I like the idea, but I have another way to make the game experience distinctly Sacramento – fill up Sleep Train Arena with Kings fans and their families.

Going back to the original owners, they had an advantage that the new group doesn’t have.  When they announced the team would be coming to Sacramento, they took deposits for new season ticket holders.  In a matter of days, they had received deposits from more than 20,000 interested fans for a makeshift arena that sat slightly over 10,000 people.

When they sold season tickets, they capped the number to make sure that they didn’t completely close off the general public from being part of the new team.  It’s hard to grow a brand when you are selling to the same 10,333 people 41 nights a year.

This plan worked to perfection.  The Kings were the hottest ticket in town for the first 12 seasons they were in Sacramento, defying all of the NBA’s projections, while selling out every single game.

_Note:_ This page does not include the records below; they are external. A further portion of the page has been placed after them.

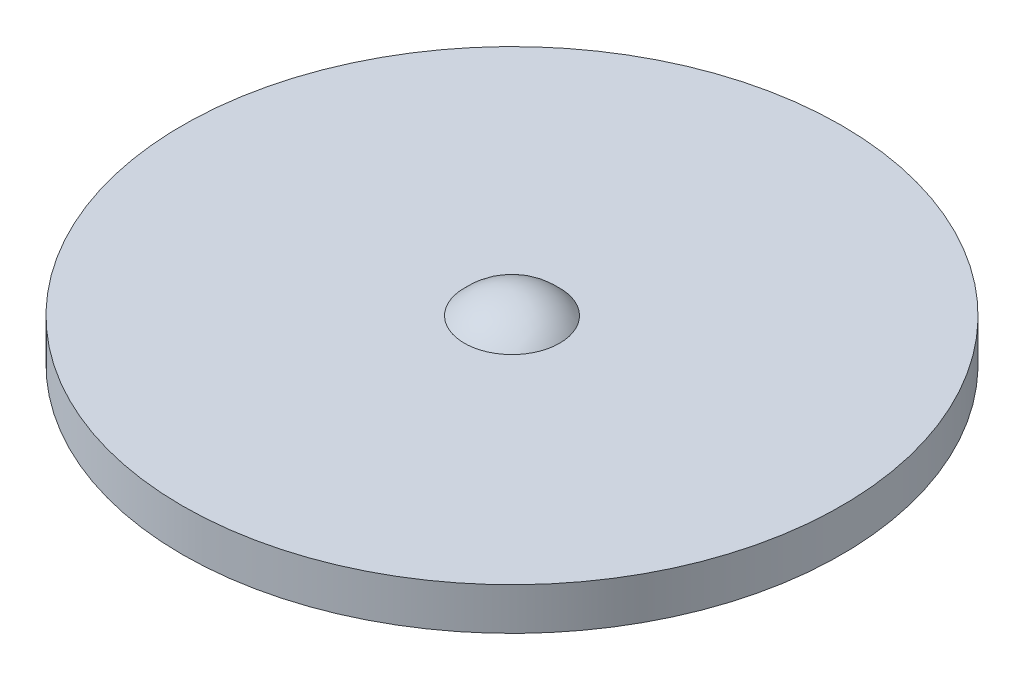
ISO-10303-21;
HEADER;
FILE_DESCRIPTION(('STEP AP214'),'2;1');
FILE_NAME('part.step','',(''),(''),'','','');
FILE_SCHEMA(('AUTOMOTIVE_DESIGN { 1 0 10303 214 1 1 1 1 }'));
ENDSEC;
DATA;
#1=APPLICATION_CONTEXT('core data for automotive mechanical design processes');
#2=APPLICATION_PROTOCOL_DEFINITION('international standard','automotive_design',2000,#1);
#3=PRODUCT_CONTEXT('',#1,'mechanical');
#4=PRODUCT('Part','Part','',(#3));
#5=PRODUCT_RELATED_PRODUCT_CATEGORY('part','',(#4));
#6=PRODUCT_DEFINITION_FORMATION('','',#4);
#7=PRODUCT_DEFINITION_CONTEXT('part definition',#1,'design');
#8=PRODUCT_DEFINITION('design','',#6,#7);
#9=PRODUCT_DEFINITION_SHAPE('','',#8);
#10=(LENGTH_UNIT() NAMED_UNIT(*) SI_UNIT(.MILLI.,.METRE.));
#11=(NAMED_UNIT(*) PLANE_ANGLE_UNIT() SI_UNIT($,.RADIAN.));
#12=(NAMED_UNIT(*) SI_UNIT($,.STERADIAN.) SOLID_ANGLE_UNIT());
#13=UNCERTAINTY_MEASURE_WITH_UNIT(LENGTH_MEASURE(1.E-05),#10,'distance_accuracy_value','');
#14=(GEOMETRIC_REPRESENTATION_CONTEXT(3) GLOBAL_UNCERTAINTY_ASSIGNED_CONTEXT((#13)) GLOBAL_UNIT_ASSIGNED_CONTEXT((#10,
#11,#12)) REPRESENTATION_CONTEXT('',''));
#15=CARTESIAN_POINT('',(0.,0.,0.));
#16=DIRECTION('',(0.,0.,1.));
#17=DIRECTION('',(1.,0.,0.));
#18=AXIS2_PLACEMENT_3D('',#15,#16,#17);
#19=CARTESIAN_POINT('',(0.,-2.01627987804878,0.));
#20=DIRECTION('',(-1.,0.,0.));
#21=DIRECTION('',(0.,-1.,0.));
#22=AXIS2_PLACEMENT_3D('',#19,#20,#21);
#23=SPHERICAL_SURFACE('',#22,3.05767987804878);
#24=CARTESIAN_POINT('',(-2.2987,0.,0.));
#25=CARTESIAN_POINT('',(-2.29869961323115,0.,0.0645402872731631));
#26=CARTESIAN_POINT('',(-2.2959794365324,0.,0.129092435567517));
#27=CARTESIAN_POINT('',(-2.28511641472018,0.,0.25775063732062));
#28=CARTESIAN_POINT('',(-2.27697196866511,0.,0.321856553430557));
#29=CARTESIAN_POINT('',(-2.25529705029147,0.,0.449262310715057));
#30=CARTESIAN_POINT('',(-2.24175802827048,0.,0.512560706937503));
#31=CARTESIAN_POINT('',(-2.20938728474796,0.,0.637827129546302));
#32=CARTESIAN_POINT('',(-2.19055126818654,0.,0.699794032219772));
#33=CARTESIAN_POINT('',(-2.12635814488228,0.,0.882768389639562));
#34=CARTESIAN_POINT('',(-2.07326323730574,0.,1.00115742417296));
#35=CARTESIAN_POINT('',(-1.9479230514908,0.,1.2273280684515));
#36=CARTESIAN_POINT('',(-1.87567704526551,0.,1.33510927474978));
#37=CARTESIAN_POINT('',(-1.75458947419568,0.,1.48648350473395));
#38=CARTESIAN_POINT('',(-1.71207522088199,0.,1.53525383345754));
#39=CARTESIAN_POINT('',(-1.62312286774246,0.,1.62900602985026));
#40=CARTESIAN_POINT('',(-1.57668859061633,0.,1.67399150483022));
#41=CARTESIAN_POINT('',(-1.48017319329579,0.,1.75991047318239));
#42=CARTESIAN_POINT('',(-1.43009043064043,0.,1.80084212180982));
#43=CARTESIAN_POINT('',(-1.32665933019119,0.,1.87834495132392));
#44=CARTESIAN_POINT('',(-1.2733102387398,0.,1.91491512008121));
#45=CARTESIAN_POINT('',(-1.10894518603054,0.,2.01765084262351));
#46=CARTESIAN_POINT('',(-0.993509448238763,0.,2.07693224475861));
#47=CARTESIAN_POINT('',(-0.754386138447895,0.,2.17523752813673));
#48=CARTESIAN_POINT('',(-0.630698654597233,0.,2.21426162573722));
#49=CARTESIAN_POINT('',(-0.378511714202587,0.,2.27100104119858));
#50=CARTESIAN_POINT('',(-0.250012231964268,0.,2.2887162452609));
#51=CARTESIAN_POINT('',(0.00813683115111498,0.,2.30231665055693));
#52=CARTESIAN_POINT('',(0.13778641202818,0.,2.29820185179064));
#53=CARTESIAN_POINT('',(0.394539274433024,0.,2.26827557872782));
#54=CARTESIAN_POINT('',(0.521642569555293,0.,2.24246422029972));
#55=CARTESIAN_POINT('',(0.769771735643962,0.,2.16982949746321));
#56=CARTESIAN_POINT('',(0.890797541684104,0.,2.12300590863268));
#57=CARTESIAN_POINT('',(1.06504784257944,0.,2.03810990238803));
#58=CARTESIAN_POINT('',(1.12194428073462,0.,2.00734794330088));
#59=CARTESIAN_POINT('',(1.23294655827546,0.,1.94114238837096));
#60=CARTESIAN_POINT('',(1.28705304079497,0.,1.90569987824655));
#61=CARTESIAN_POINT('',(1.39206224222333,0.,1.83039809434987));
#62=CARTESIAN_POINT('',(1.44296640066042,0.,1.79054082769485));
#63=CARTESIAN_POINT('',(1.54127751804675,0.,1.70665447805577));
#64=CARTESIAN_POINT('',(1.58868105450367,0.,1.66262140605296));
#65=CARTESIAN_POINT('',(1.72500424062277,0.,1.52480868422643));
#66=CARTESIAN_POINT('',(1.80817562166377,0.,1.42521553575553));
#67=CARTESIAN_POINT('',(1.95658726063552,0.,1.21346731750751));
#68=CARTESIAN_POINT('',(2.0218282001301,0.,1.10131272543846));
#69=CARTESIAN_POINT('',(2.10489234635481,0.,0.926096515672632));
#70=CARTESIAN_POINT('',(2.13013538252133,0.,0.866451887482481));
#71=CARTESIAN_POINT('',(2.17548954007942,0.,0.74528034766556));
#72=CARTESIAN_POINT('',(2.19560481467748,0.,0.68375500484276));
#73=CARTESIAN_POINT('',(2.23054715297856,0.,0.559332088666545));
#74=CARTESIAN_POINT('',(2.24538256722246,0.,0.496436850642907));
#75=CARTESIAN_POINT('',(2.26970446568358,0.,0.369632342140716));
#76=CARTESIAN_POINT('',(2.27919252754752,0.,0.305723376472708));
#77=CARTESIAN_POINT('',(2.29021305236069,0.,0.201429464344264));
#78=CARTESIAN_POINT('',(2.29339465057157,0.,0.161211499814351));
#79=CARTESIAN_POINT('',(2.29763824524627,0.,0.0806639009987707));
#80=CARTESIAN_POINT('',(2.29870024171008,0.,0.0403342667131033));
#81=CARTESIAN_POINT('',(2.29869961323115,0.,-0.0645402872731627));
#82=CARTESIAN_POINT('',(2.2959794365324,0.,-0.129092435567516));
#83=CARTESIAN_POINT('',(2.28511641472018,0.,-0.257750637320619));
#84=CARTESIAN_POINT('',(2.27697196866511,0.,-0.321856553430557));
#85=CARTESIAN_POINT('',(2.25529705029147,0.,-0.449262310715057));
#86=CARTESIAN_POINT('',(2.24175802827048,0.,-0.512560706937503));
#87=CARTESIAN_POINT('',(2.20938728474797,0.,-0.637827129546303));
#88=CARTESIAN_POINT('',(2.19055126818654,0.,-0.699794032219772));
#89=CARTESIAN_POINT('',(2.12635814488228,0.,-0.882768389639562));
#90=CARTESIAN_POINT('',(2.07326323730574,0.,-1.00115742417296));
#91=CARTESIAN_POINT('',(1.9479230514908,0.,-1.2273280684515));
#92=CARTESIAN_POINT('',(1.87567704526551,0.,-1.33510927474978));
#93=CARTESIAN_POINT('',(1.75458947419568,0.,-1.48648350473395));
#94=CARTESIAN_POINT('',(1.71207522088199,0.,-1.53525383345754));
#95=CARTESIAN_POINT('',(1.62312286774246,0.,-1.62900602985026));
#96=CARTESIAN_POINT('',(1.57668859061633,0.,-1.67399150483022));
#97=CARTESIAN_POINT('',(1.48017319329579,0.,-1.75991047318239));
#98=CARTESIAN_POINT('',(1.43009043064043,0.,-1.80084212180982));
#99=CARTESIAN_POINT('',(1.32665933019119,0.,-1.87834495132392));
#100=CARTESIAN_POINT('',(1.2733102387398,0.,-1.91491512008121));
#101=CARTESIAN_POINT('',(1.10894518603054,0.,-2.01765084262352));
#102=CARTESIAN_POINT('',(0.993509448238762,0.,-2.07693224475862));
#103=CARTESIAN_POINT('',(0.754386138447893,0.,-2.17523752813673));
#104=CARTESIAN_POINT('',(0.630698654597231,0.,-2.21426162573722));
#105=CARTESIAN_POINT('',(0.378511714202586,0.,-2.27100104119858));
#106=CARTESIAN_POINT('',(0.250012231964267,0.,-2.2887162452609));
#107=CARTESIAN_POINT('',(-0.00813683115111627,0.,-2.30231665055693));
#108=CARTESIAN_POINT('',(-0.137786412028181,0.,-2.29820185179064));
#109=CARTESIAN_POINT('',(-0.394539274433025,0.,-2.26827557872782));
#110=CARTESIAN_POINT('',(-0.521642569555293,0.,-2.24246422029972));
#111=CARTESIAN_POINT('',(-0.769771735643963,0.,-2.16982949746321));
#112=CARTESIAN_POINT('',(-0.890797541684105,0.,-2.12300590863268));
#113=CARTESIAN_POINT('',(-1.06504784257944,0.,-2.03810990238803));
#114=CARTESIAN_POINT('',(-1.12194428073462,0.,-2.00734794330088));
#115=CARTESIAN_POINT('',(-1.23294655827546,0.,-1.94114238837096));
#116=CARTESIAN_POINT('',(-1.28705304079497,0.,-1.90569987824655));
#117=CARTESIAN_POINT('',(-1.39206224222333,0.,-1.83039809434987));
#118=CARTESIAN_POINT('',(-1.44296640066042,0.,-1.79054082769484));
#119=CARTESIAN_POINT('',(-1.54127751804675,0.,-1.70665447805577));
#120=CARTESIAN_POINT('',(-1.58868105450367,0.,-1.66262140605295));
#121=CARTESIAN_POINT('',(-1.72500424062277,0.,-1.52480868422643));
#122=CARTESIAN_POINT('',(-1.80817562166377,0.,-1.42521553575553));
#123=CARTESIAN_POINT('',(-1.95658726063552,0.,-1.2134673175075));
#124=CARTESIAN_POINT('',(-2.02182820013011,0.,-1.10131272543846));
#125=CARTESIAN_POINT('',(-2.10489234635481,0.,-0.926096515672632));
#126=CARTESIAN_POINT('',(-2.13013538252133,0.,-0.866451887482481));
#127=CARTESIAN_POINT('',(-2.17548954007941,0.,-0.745280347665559));
#128=CARTESIAN_POINT('',(-2.19560481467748,0.,-0.683755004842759));
#129=CARTESIAN_POINT('',(-2.23054715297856,0.,-0.559332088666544));
#130=CARTESIAN_POINT('',(-2.24538256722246,0.,-0.496436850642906));
#131=CARTESIAN_POINT('',(-2.26970446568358,0.,-0.369632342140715));
#132=CARTESIAN_POINT('',(-2.27919252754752,0.,-0.305723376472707));
#133=CARTESIAN_POINT('',(-2.29021305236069,0.,-0.201429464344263));
#134=CARTESIAN_POINT('',(-2.29339465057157,0.,-0.16121149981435));
#135=CARTESIAN_POINT('',(-2.29763824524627,0.,-0.0806639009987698));
#136=CARTESIAN_POINT('',(-2.29870024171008,0.,-0.0403342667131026));
#137=CARTESIAN_POINT('',(-2.2987,0.,0.));
#138=B_SPLINE_CURVE_WITH_KNOTS('',3,(#24,#25,#26,#27,#28,#29,#30,#31,#32,#33,#34,#35,#36,#37,
#38,#39,#40,#41,#42,#43,#44,#45,#46,#47,#48,#49,#50,#51,#52,#53,#54,#55,#56,#57,#58,#59,#60,#61,
#62,#63,#64,#65,#66,#67,#68,#69,#70,#71,#72,#73,#74,#75,#76,#77,#78,#79,#80,#81,#82,#83,#84,#85,
#86,#87,#88,#89,#90,#91,#92,#93,#94,#95,#96,#97,#98,#99,#100,#101,#102,#103,#104,#105,#106,#107,
#108,#109,#110,#111,#112,#113,#114,#115,#116,#117,#118,#119,#120,#121,#122,#123,#124,#125,#126,
#127,#128,#129,#130,#131,#132,#133,#134,#135,#136,#137),.UNSPECIFIED.,.T.,.F.,(4,2,2,2,2,2,2,2,
2,2,2,2,2,2,2,2,2,2,2,2,2,2,2,2,2,2,2,2,2,2,2,2,2,2,2,2,2,2,2,2,2,2,2,2,2,2,2,2,2,2,2,2,2,2,2,2,
4),(0.,0.19358373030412,0.387224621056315,0.581173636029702,0.775280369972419,1.16256855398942,
1.54987146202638,1.74377667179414,1.93749492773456,2.13130093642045,2.32515183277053,
2.71244944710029,3.09974292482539,3.48703847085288,3.87433401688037,4.26162749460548,
4.64892510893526,4.84277600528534,5.03658201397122,5.23030026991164,5.42420547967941,
5.81150838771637,6.19879657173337,6.39290330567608,6.58685232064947,6.78049321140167,
6.97407694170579,7.09505653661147,7.21603613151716,7.40961986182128,7.60326075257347,
7.79720976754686,7.99131650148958,8.37860468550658,8.76590759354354,8.9598128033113,
9.15353105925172,9.3473370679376,9.54118796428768,9.92848557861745,10.3157790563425,
10.70307460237,11.0903701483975,11.4776636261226,11.8649612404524,12.0588121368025,
12.2526181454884,12.4463364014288,12.6402416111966,13.0275445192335,13.4148327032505,
13.6089394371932,13.8028884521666,13.9965293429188,14.1901130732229,14.3110926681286,
14.4320722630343),.UNSPECIFIED.);
#139=CARTESIAN_POINT('',(-2.2987,0.,0.));
#140=VERTEX_POINT('',#139);
#141=EDGE_CURVE('E23',#140,#140,#138,.T.);
#142=ORIENTED_EDGE('',*,*,#141,.T.);
#143=EDGE_LOOP('',(#142));
#144=FACE_BOUND('',#143,.T.);
#145=ADVANCED_FACE('F18',(#144),#23,.T.);
#146=CARTESIAN_POINT('',(-15.875,0.,0.));
#147=DIRECTION('',(0.,-1.,0.));
#148=DIRECTION('',(0.,0.,-1.));
#149=AXIS2_PLACEMENT_3D('',#146,#147,#148);
#150=PLANE('',#149);
#151=CARTESIAN_POINT('',(0.,0.,0.));
#152=DIRECTION('',(0.,1.,0.));
#153=DIRECTION('',(0.,0.,1.));
#154=AXIS2_PLACEMENT_3D('',#151,#152,#153);
#155=CIRCLE('',#154,15.875);
#156=CARTESIAN_POINT('',(0.,0.,15.875));
#157=VERTEX_POINT('',#156);
#158=EDGE_CURVE('E47',#157,#157,#155,.F.);
#159=ORIENTED_EDGE('',*,*,#158,.F.);
#160=EDGE_LOOP('',(#159));
#161=FACE_BOUND('',#160,.T.);
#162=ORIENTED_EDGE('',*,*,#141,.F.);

Fans didn’t care that the product on the floor was horrible.  They loved to watch Spud Webb and Antoine Carr run up and down the court in baby blue short-shorts.  Wins and losses were secondary.

The team became a regional brand.  It was affordable, good, clean family entertainment and because the original owners capped the number of season ticket holders, thousands of different people filled the arena each and every night.  People with children, who would one day bring their families to games as well.

This model worked, until the team improved.  When the Sacramento Kings became a perennial championship contender, the Maloof family capitalized at the gate.  They went away from a business model that catered to the family and instead, they chased corporate dollars.

I’m sure they made a killing during that era.  As luxury boxes filled, corporate Sacramento bought in to the lower bowl of Arco.  The fan dynamic changed, but the owners didn’t care.  They were making a mint and by working a television deal to show all 82 games, those fans getting left behind were still able to watch the game at home if that is what they chose to do.

But then the worm turned.  The economy went in the tank and the first thing businesses did was drop their entertainment budget.  The financial collapse coincided with a downturn in the team.  Chris Webber and Vlade Divac were gone and so was the faucet of cash pouring in.

By the time the Maloof family adjusted ticket prices to bring back the common fan, the damage was already done.  The product was bad, the experience was bad and an entire generation of Kings fans had been skipped over and lost.

So my advice to the new ownership group is this – bring back the families.  Make the Sacramento Kings a regional brand that can cater to the family of four and the corporate community at the same time.

Ignore your first instinct to capitalize off the excitement fans feel from saving the Kings.  Don’t jump at the opportunity to recoup a portion of your initial investment in year number two or three.  Open the doors and let the community come back to the product that they supported through thick and thin.

Chase national and global marketing deals to off-set the price lost at the gate, but rebuild the fanbase the right way and watch the support grow organically.

When the new arena opens, have a quality product on the floor to sell, but also have an affordable experience that looks beyond smart phone apps.

Ranadivé and his group of owners are now the stewards of an incredible business opportunity, but also a community asset.  If there is excitement in Sacramento for the product, that can only have a positive impact when selling abroad.

The Sacramento fanbase is an incredible asset, but one that has played this game before.  The Kings can become a global player, but they need to rebuild the regional relationship between fan and team first or risk history repeating itself.